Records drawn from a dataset

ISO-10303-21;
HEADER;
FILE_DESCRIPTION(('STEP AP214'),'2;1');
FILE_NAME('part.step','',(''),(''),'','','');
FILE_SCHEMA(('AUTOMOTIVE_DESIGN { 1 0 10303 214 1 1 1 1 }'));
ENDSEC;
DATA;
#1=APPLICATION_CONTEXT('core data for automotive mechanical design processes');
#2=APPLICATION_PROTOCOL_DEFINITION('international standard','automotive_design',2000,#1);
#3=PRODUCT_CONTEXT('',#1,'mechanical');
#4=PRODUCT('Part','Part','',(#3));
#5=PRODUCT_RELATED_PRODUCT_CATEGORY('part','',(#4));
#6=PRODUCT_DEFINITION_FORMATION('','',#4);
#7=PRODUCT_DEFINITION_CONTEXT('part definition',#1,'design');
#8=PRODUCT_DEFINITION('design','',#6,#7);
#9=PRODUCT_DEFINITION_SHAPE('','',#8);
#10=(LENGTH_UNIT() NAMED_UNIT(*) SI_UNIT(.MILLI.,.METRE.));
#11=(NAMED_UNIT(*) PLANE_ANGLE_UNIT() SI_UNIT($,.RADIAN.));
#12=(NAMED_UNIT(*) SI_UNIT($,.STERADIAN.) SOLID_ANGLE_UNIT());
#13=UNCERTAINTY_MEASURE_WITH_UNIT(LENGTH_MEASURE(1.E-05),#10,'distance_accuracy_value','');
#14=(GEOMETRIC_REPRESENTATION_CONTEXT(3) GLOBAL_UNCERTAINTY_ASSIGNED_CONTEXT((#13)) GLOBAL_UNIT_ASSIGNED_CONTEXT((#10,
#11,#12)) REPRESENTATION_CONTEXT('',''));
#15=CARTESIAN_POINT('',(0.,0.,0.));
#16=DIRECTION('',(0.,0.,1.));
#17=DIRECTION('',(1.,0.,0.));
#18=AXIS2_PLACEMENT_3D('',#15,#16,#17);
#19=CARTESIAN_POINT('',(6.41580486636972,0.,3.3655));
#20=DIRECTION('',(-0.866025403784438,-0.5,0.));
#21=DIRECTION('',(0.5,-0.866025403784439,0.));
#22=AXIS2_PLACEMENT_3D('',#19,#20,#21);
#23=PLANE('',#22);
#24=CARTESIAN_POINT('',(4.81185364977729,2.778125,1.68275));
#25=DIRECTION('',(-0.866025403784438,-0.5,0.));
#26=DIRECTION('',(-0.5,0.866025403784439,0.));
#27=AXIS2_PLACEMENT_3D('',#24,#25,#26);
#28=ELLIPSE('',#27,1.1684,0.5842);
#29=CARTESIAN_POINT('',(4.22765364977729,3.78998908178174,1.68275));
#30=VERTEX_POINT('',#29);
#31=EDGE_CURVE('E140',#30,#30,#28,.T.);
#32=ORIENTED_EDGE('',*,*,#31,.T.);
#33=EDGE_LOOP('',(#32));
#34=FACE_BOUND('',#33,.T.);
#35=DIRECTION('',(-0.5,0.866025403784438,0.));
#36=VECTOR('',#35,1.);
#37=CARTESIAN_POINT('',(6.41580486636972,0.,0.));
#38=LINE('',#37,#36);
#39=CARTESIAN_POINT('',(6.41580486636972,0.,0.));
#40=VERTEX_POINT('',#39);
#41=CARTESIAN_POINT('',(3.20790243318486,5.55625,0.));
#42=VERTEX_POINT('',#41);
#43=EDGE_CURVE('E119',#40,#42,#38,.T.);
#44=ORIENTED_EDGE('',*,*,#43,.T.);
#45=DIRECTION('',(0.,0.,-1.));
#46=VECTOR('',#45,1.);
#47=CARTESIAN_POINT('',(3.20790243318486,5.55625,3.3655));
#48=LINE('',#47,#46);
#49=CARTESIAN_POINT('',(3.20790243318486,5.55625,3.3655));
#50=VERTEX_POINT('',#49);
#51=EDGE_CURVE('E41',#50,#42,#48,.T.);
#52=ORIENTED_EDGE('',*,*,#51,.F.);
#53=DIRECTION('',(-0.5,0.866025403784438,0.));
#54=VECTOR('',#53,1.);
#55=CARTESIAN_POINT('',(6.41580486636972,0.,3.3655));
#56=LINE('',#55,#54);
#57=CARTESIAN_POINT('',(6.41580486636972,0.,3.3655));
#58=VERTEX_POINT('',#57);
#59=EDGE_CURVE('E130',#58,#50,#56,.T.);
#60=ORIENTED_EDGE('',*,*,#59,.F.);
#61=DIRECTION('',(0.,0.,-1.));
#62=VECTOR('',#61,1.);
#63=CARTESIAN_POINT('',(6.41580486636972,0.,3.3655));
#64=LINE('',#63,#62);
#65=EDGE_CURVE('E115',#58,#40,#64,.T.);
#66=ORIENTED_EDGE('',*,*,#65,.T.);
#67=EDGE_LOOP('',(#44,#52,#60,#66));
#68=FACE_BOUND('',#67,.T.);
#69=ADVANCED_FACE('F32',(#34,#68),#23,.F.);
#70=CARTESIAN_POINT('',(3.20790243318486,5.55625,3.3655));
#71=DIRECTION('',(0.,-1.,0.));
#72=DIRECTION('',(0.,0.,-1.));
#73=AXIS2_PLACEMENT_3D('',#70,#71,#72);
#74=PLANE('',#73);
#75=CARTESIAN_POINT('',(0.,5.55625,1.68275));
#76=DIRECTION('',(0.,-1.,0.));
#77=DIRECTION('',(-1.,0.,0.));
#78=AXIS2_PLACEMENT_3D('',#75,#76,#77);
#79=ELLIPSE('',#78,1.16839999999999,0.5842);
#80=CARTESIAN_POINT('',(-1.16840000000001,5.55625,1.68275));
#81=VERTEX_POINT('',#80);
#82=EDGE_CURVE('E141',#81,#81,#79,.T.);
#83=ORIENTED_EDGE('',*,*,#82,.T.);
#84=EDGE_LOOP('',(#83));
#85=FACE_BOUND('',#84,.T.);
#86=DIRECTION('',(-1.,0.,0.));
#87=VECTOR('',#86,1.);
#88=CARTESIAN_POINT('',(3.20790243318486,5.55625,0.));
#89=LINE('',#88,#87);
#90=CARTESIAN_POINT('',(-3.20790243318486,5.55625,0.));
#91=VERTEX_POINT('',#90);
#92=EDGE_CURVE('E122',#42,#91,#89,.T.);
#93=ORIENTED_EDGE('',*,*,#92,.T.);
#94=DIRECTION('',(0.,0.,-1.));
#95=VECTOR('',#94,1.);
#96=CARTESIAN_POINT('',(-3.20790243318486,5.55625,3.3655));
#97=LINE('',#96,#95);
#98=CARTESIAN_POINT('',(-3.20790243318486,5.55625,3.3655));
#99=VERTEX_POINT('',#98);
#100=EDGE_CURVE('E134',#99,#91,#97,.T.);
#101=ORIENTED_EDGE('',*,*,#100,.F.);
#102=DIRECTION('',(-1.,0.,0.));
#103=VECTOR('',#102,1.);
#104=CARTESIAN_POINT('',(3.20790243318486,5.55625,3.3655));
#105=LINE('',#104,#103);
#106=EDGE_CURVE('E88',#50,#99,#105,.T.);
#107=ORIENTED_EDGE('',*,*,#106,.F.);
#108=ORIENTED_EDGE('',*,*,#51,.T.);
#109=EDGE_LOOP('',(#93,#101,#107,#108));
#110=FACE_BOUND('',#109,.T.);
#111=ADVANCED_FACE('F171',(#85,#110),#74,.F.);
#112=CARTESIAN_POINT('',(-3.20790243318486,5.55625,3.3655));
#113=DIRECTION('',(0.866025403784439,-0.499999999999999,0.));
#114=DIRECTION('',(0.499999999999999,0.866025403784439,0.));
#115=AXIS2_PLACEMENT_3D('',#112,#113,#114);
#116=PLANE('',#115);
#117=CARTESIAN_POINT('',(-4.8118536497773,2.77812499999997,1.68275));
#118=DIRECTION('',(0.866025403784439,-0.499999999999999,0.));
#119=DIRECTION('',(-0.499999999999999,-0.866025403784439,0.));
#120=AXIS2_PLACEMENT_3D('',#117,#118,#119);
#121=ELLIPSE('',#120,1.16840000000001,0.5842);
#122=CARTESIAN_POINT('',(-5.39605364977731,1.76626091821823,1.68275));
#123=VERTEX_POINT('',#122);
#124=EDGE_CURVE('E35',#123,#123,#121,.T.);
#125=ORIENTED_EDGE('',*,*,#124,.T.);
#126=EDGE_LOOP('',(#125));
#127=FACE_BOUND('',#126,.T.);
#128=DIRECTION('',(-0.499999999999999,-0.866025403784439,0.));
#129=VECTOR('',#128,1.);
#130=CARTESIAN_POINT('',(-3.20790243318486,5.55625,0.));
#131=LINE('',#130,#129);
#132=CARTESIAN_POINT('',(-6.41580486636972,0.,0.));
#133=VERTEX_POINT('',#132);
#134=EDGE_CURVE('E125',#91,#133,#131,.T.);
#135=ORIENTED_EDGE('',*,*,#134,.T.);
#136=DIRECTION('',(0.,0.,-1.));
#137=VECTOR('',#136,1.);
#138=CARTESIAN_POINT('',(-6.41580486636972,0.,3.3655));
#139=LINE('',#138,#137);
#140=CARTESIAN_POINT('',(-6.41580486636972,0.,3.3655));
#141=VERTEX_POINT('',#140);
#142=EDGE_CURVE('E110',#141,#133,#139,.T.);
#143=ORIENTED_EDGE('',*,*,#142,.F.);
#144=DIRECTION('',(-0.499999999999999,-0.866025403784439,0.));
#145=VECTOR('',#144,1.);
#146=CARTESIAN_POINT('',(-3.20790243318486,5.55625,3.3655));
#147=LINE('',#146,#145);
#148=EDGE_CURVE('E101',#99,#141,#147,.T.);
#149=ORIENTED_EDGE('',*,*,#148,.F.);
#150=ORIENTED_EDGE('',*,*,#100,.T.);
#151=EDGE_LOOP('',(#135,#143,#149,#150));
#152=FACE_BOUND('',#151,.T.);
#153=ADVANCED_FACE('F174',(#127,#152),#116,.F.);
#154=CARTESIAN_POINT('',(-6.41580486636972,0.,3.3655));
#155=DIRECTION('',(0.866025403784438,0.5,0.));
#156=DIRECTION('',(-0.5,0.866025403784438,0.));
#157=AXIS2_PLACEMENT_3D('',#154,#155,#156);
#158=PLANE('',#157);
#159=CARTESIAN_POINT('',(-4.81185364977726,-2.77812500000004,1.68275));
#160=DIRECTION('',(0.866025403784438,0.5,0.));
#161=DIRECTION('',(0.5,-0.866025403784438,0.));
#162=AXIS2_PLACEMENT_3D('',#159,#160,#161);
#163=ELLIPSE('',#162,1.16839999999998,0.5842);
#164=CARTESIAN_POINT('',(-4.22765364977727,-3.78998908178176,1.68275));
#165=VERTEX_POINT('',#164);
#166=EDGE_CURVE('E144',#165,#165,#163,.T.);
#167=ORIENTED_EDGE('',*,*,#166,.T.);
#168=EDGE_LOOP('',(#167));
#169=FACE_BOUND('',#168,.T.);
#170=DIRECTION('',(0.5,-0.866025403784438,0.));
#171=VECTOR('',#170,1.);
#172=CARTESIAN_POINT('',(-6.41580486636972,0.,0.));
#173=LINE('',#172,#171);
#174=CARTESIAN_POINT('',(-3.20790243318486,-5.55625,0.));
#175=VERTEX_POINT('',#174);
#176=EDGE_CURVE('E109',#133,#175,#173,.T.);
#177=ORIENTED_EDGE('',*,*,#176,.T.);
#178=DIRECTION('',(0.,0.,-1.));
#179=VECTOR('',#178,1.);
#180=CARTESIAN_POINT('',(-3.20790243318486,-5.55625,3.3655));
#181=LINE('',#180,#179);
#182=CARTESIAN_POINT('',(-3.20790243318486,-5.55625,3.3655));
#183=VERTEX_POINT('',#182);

Activity: An exact, complete copy of the lines above from the one with "#62=VECTOR('',#61,1.);" through the one with "#87=VECTOR('',#86,1.);" is the whole answer.

Response below:
#62=VECTOR('',#61,1.);
#63=CARTESIAN_POINT('',(6.41580486636972,0.,3.3655));
#64=LINE('',#63,#62);
#65=EDGE_CURVE('E115',#58,#40,#64,.T.);
#66=ORIENTED_EDGE('',*,*,#65,.T.);
#67=EDGE_LOOP('',(#44,#52,#60,#66));
#68=FACE_BOUND('',#67,.T.);
#69=ADVANCED_FACE('F32',(#34,#68),#23,.F.);
#70=CARTESIAN_POINT('',(3.20790243318486,5.55625,3.3655));
#71=DIRECTION('',(0.,-1.,0.));
#72=DIRECTION('',(0.,0.,-1.));
#73=AXIS2_PLACEMENT_3D('',#70,#71,#72);
#74=PLANE('',#73);
#75=CARTESIAN_POINT('',(0.,5.55625,1.68275));
#76=DIRECTION('',(0.,-1.,0.));
#77=DIRECTION('',(-1.,0.,0.));
#78=AXIS2_PLACEMENT_3D('',#75,#76,#77);
#79=ELLIPSE('',#78,1.16839999999999,0.5842);
#80=CARTESIAN_POINT('',(-1.16840000000001,5.55625,1.68275));
#81=VERTEX_POINT('',#80);
#82=EDGE_CURVE('E141',#81,#81,#79,.T.);
#83=ORIENTED_EDGE('',*,*,#82,.T.);
#84=EDGE_LOOP('',(#83));
#85=FACE_BOUND('',#84,.T.);
#86=DIRECTION('',(-1.,0.,0.));
#87=VECTOR('',#86,1.);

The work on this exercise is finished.